Many of the losers have already warned on profits and there has been a spate of retail failures in recent weeks, including the Barratt Priceless shoe chain, privately-owned toys and gifts company Hawkin’s Bazaar, La Senza and D2 Jeans.
At Barratt Priceless, which collapsed in early December, 1,600 employees were made redundant on New Year’s Eve as the administrators struggled to find buyers for the business.
A buyer is also being sought for Blacks Leisure, owner of the Millets chain, which has already warned investors that their shares in the business are worthless.
At La Senza, the lingerie company once owned by Theo Paphitis of Dragons' Denfame, some 2,600 jobs are at risk as it closes stores in preparation for formal administration in the next few days.
Up to 1,000 jobs are also at risk at retro-themed gifts chain Past Times, which is heading for administration, and hundreds of jobs have gone at the D2 Jeans fashion chain, which went into administration last week.
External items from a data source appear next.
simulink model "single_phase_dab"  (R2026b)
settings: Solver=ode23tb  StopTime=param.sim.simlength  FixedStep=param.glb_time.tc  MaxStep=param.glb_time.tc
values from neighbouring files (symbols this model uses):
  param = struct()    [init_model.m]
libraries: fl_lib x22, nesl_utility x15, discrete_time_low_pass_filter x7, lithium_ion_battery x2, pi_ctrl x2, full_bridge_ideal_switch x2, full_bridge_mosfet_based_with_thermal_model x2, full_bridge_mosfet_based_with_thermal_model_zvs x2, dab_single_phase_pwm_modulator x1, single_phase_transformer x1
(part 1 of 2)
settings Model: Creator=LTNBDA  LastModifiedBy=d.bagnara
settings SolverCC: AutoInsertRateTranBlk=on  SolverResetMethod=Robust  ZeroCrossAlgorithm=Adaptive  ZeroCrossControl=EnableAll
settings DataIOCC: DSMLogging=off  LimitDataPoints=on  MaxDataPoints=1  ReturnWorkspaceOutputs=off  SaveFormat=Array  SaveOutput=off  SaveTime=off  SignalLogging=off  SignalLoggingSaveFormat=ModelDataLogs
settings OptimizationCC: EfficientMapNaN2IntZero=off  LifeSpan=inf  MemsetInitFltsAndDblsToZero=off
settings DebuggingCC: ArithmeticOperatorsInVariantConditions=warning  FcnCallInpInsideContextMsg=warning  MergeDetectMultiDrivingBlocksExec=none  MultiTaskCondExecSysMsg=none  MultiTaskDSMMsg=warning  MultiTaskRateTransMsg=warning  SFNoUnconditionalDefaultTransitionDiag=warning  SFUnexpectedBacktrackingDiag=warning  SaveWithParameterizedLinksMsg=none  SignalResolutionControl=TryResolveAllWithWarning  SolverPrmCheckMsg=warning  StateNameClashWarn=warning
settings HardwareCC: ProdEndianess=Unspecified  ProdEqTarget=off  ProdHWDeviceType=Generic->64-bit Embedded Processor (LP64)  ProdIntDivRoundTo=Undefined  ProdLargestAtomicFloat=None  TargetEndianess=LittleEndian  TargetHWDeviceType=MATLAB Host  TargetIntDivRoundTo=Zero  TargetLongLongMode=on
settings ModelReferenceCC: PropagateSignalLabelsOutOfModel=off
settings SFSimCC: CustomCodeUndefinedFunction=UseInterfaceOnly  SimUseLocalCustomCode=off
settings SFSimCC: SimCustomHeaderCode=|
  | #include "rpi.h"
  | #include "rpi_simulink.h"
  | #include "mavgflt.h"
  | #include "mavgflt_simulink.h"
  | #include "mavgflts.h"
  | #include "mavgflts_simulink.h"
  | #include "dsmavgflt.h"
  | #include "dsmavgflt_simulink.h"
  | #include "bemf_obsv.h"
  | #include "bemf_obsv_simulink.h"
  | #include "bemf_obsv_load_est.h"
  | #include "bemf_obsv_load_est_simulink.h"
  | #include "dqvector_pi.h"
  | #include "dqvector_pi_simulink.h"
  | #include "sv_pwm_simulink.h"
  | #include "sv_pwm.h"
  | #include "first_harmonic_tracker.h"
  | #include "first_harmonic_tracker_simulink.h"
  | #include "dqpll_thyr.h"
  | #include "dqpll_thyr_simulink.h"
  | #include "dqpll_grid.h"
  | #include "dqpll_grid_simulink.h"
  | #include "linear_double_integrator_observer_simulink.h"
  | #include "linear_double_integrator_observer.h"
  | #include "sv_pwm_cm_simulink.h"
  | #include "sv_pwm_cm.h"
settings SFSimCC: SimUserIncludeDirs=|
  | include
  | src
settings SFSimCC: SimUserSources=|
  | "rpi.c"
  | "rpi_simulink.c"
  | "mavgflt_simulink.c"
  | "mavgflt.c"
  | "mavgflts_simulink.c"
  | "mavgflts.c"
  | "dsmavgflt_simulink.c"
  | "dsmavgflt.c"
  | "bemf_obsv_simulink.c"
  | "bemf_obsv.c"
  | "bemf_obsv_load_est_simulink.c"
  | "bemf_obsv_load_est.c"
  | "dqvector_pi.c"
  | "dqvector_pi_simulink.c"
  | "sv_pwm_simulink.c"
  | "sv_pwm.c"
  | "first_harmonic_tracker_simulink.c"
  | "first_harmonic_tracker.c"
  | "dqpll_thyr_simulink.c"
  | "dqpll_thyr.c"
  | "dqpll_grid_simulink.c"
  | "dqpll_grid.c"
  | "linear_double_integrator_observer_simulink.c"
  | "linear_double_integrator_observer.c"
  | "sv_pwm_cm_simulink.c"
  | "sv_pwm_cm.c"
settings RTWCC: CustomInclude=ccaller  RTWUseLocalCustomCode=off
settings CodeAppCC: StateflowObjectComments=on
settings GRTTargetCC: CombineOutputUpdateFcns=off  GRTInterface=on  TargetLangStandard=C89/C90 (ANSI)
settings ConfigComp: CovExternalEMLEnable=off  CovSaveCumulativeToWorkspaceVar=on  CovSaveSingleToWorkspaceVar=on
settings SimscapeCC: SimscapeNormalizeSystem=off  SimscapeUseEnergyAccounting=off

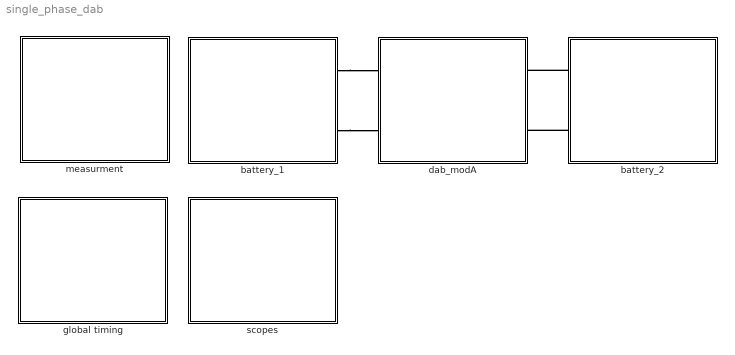
== system single_phase_dab ==
  battery_1 : Subsystem
  battery_2 : Subsystem
  dab_modA : Subsystem
  global timing : Subsystem
  measurment : Subsystem
  scopes : Subsystem
  connections:
  battery_2/RConn2 -- dab_modA/RConn2
  battery_2/RConn1 -- dab_modA/RConn1
  battery_1/RConn1 -- dab_modA/LConn1
  battery_1/RConn2 -- dab_modA/LConn2

== system single_phase_dab/battery_1 ==
  Electrical Reference1 : fl_lib/Electrical/Electrical Elements/Electrical Reference
  Solver Configuration : nesl_utility/Solver Configuration  PhysicalDomain=network_engine_domain  SubClassName=solver  LeftPortType=input  RightPortType=generic  Tones=[]  Harmonics=[]  SimulateNoise=off  Profile=off  UseLocalSampling=off  EnableSwitchedLinearOptims=on  FrequencyDomain=off  UseCCode=off  RelTol=0.001  AbsTol=0.001  MinStep=1e-09  ToWorkspace=off  RevertToSquareIcSolve=off  NumHomotopyIterations=100  PhasorMode=off  PhasorModeNumHarmonics=1  ConsistencySolver=NEWTON_FTOL  CanonicalOrdering=UNORDERED  OptimizeIntermediates=UNOPTIMIZED  MulticoreSolverChoice=BACKWARD_EULER  IndexReductionMethod=DerivativeReplacement  DoDC=off  ResidualTolerance=1e-09  ConsistencyTolSource=GLOBAL  ConsistencyAbsTol=0.001  ConsistencyRelTol=0.001  ConsistencyTolFactor=0.001  UseLocalSolver=on  LocalSolverChoice=NE_BACKWARD_EULER_ADVANCER  ResolveIndetEquations=on  FunctionEvalNumThread=1  LocalSolverSampleTime=param.glb_time.tc  DoFixedCost=on  MaxNonlinIter=param.sim.nonlinear_iterations  MaxModeIter=2  ComputeImpulses=off  ImpulseIterations=2  LinearAlgebra=auto  LinearAlgebraNumThread=0  EquationFormulation=NE_TIME_EF  DelaysMemoryBudget=1024  AutomaticFiltering=on  FilteringTimeConstant=0.001  PartitionStorageMethod=AS_NEEDED  PartitionMemoryBudget=1024  PartitionMethod=BALANCED  MultibodyUseLocalSolver=off  MultibodyLocalSolverChoice=ODE1  MultibodyLocalSolverSampleTime=0.001
  litium ion battery 1 : Scope
      settings: ActiveDisplayYMinimum=-166.63080014270002  ActiveDisplayYMaximum=1499.6922306374129  DataLoggingVariableName=ScopeData3
  litium_ion_battery : lithium_ion_battery/lithium_ion_battery  Q=param.battery.pack_1.Q  number_of_cells=param.battery.pack_1.number_of_cells  E_1=param.battery.pack_1.E_1  E0=param.battery.pack_1.E0  E1=param.battery.pack_1.E1  E2=param.battery.pack_1.E2  E3=param.battery.pack_1.E3  Elog=param.battery.pack_1.Elog  R0=param.battery.pack_1.R0  R1=param.battery.pack_1.R1  C1=param.battery.pack_1.C1  M=param.battery.pack_1.M  alpha=param.battery.pack_1.alpha  soc_init=param.battery.pack_1.soc_init  ts_battery=param.glb_time.ts_dab  q1Kalman=param.battery.pack_1.q1Kalman  q2Kalman=param.battery.pack_1.q2Kalman  q3Kalman=param.battery.pack_1.q3Kalman  rKalman=param.battery.pack_1.rKalman  tc=param.glb_time.tc  enable_white_noise_m=0  battery_voltage_init_m=param.battery.ocv_1
  single_phase_ui_measure : Subsystem
  dc+ : PMIOPort  Side=Right
  dc- : PMIOPort  Port=2  Side=Right
  wires:
  litium_ion_battery/1 -> litium ion battery 1/1
  connections:
  single_phase_ui_measure/LConn2 -- litium_ion_battery/RConn2 -- Electrical Reference1/LConn1 -- Solver Configuration/RConn1
  single_phase_ui_measure/RConn1 -- dc+/RConn1
  litium_ion_battery/RConn1 -- single_phase_ui_measure/LConn1
  dc-/RConn1 -- single_phase_ui_measure/RConn2

== system single_phase_dab/battery_2 ==
  Electrical Reference1 : fl_lib/Electrical/Electrical Elements/Electrical Reference
  litium ion battery 2 : Scope
      settings: ActiveDisplayYMinimum=-4779.68523514888  ActiveDisplayYMaximum=38953.418417165572  DataLoggingVariableName=ScopeData3
  litium_ion_battery : lithium_ion_battery/lithium_ion_battery  Q=param.battery.pack_2.Q  number_of_cells=param.battery.pack_2.number_of_cells  E_1=param.battery.pack_2.E_1  E0=param.battery.pack_2.E0  E1=param.battery.pack_2.E1  E2=param.battery.pack_2.E2  E3=param.battery.pack_2.E3  Elog=param.battery.pack_2.Elog  R0=param.battery.pack_2.R0  R1=param.battery.pack_2.R1  C1=param.battery.pack_2.C1  M=param.battery.pack_2.M  alpha=param.battery.pack_2.alpha  soc_init=param.battery.pack_2.soc_init  ts_battery=param.glb_time.ts_dab  q1Kalman=param.battery.pack_2.q1Kalman  q2Kalman=param.battery.pack_2.q2Kalman  q3Kalman=param.battery.pack_2.q3Kalman  rKalman=param.battery.pack_2.rKalman  tc=param.glb_time.tc  enable_white_noise_m=0  battery_voltage_init_m=param.battery.ocv_2
  single_phase_ui_measure : Subsystem
  dc+ : PMIOPort  Side=Right
  dc- : PMIOPort  Port=2  Side=Right
  wires:
  litium_ion_battery/1 -> litium ion battery 2/1
  connections:
  dc-/RConn1 -- single_phase_ui_measure/RConn2
  litium_ion_battery/RConn1 -- single_phase_ui_measure/LConn1
  single_phase_ui_measure/RConn1 -- dc+/RConn1
  Electrical Reference1/LConn1 -- litium_ion_battery/RConn2 -- single_phase_ui_measure/LConn2

== system single_phase_dab/dab_modA ==
  dab_ctrl : Subsystem
  dcdc_with_galvanic_isolation : Subsystem
  udc(+) : PMIOPort  Side=Right
  udc(-) : PMIOPort  Port=2  Side=Right
  dc+ : PMIOPort  Port=3  Side=Left
  dc- : PMIOPort  Port=4  Side=Left
  wires:
  dab_ctrl/1(gate_commands) -> dcdc_with_galvanic_isolation/1(gate_commands)
  connections:
  udc(+)/RConn1 -- dcdc_with_galvanic_isolation/RConn1
  udc(-)/RConn1 -- dcdc_with_galvanic_isolation/RConn2
  dc-/RConn1 -- dcdc_with_galvanic_isolation/LConn2
  dc+/RConn1 -- dcdc_with_galvanic_isolation/LConn1

== system single_phase_dab/global timing ==
  From9 : From  Commented=on  GotoTag=local_time_corr_llc_mod1
  Unit Delay : UnitDelay  SampleTime=param.glb_time.tc
  time_afe1 : Subsystem  mask{k=1}
      mask prompts: k "Time Gain"
      mask Display:
      | disp('time-gen');
      | port_label('input', 1, 'crt');
      | port_label('output', 1, 'tout');
  time_afe3 : Subsystem  mask{k=1}
      mask prompts: k "Time Gain"
      mask Display:
      | disp('time-gen');
      | port_label('output', 1, 'tout');
  tag scope: time_dab_module_1=global, time_master=global
  wires:
  time_afe1/1(Out1) -> [time_dab_module_1]
  time_afe3/1(Out1) -> [time_master]
  From9/1 -> Unit Delay/1
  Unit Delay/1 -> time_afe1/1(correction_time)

There will be sales successes for some retailers – but at what cost to margins? There were unprecedented levels of pre-Christmas promotions as retailers battled to part unwilling shoppers from their cash, and that is being followed by huge January price cuts as stores struggle to clear their stock.
Even retailers who manage to come through Christmas 2011 in reasonable shape have little reason to celebrate, and the sector is already focused on surviving 2012.
Amid all the grim economic forecasts for the year, retail research group Verdict predicts that consumers will slash their spending by another £1 billion (€1.2 billion) this year, with electrical goods and big-ticket items such as carpets and furniture hit particularly hard.
Verdict forecasts UK retail sales will grow by just 1.2 per cent in 2012, to £295 billion, making it the third-slowest year in the past four decades, as households move firmly into austerity mode. That follows the second-slowest year – last year – with growth in 2011 expected to be just 0.9 per cent, a figure well short of inflation.
The worst year was 2009, when sales fell by 0.4 per cent.
The belt-tightening process began in 2007, according to Verdict, which estimates that, by the end of 2012, spending on clothing and household goods will have declined by as much as £10 billion. Food is the only real bright spot, helped by the trend towards eating at home.
Several thousand shop workers have lost their jobs in recent weeks and some of the more pessimistic forecasts suggest that figure could spiral to 40,000 this year – double the jobs toll in 2008, the year of the collapse of Woolworths. Forget about Christmas past, the challenge now is to survive until Christmas 2012.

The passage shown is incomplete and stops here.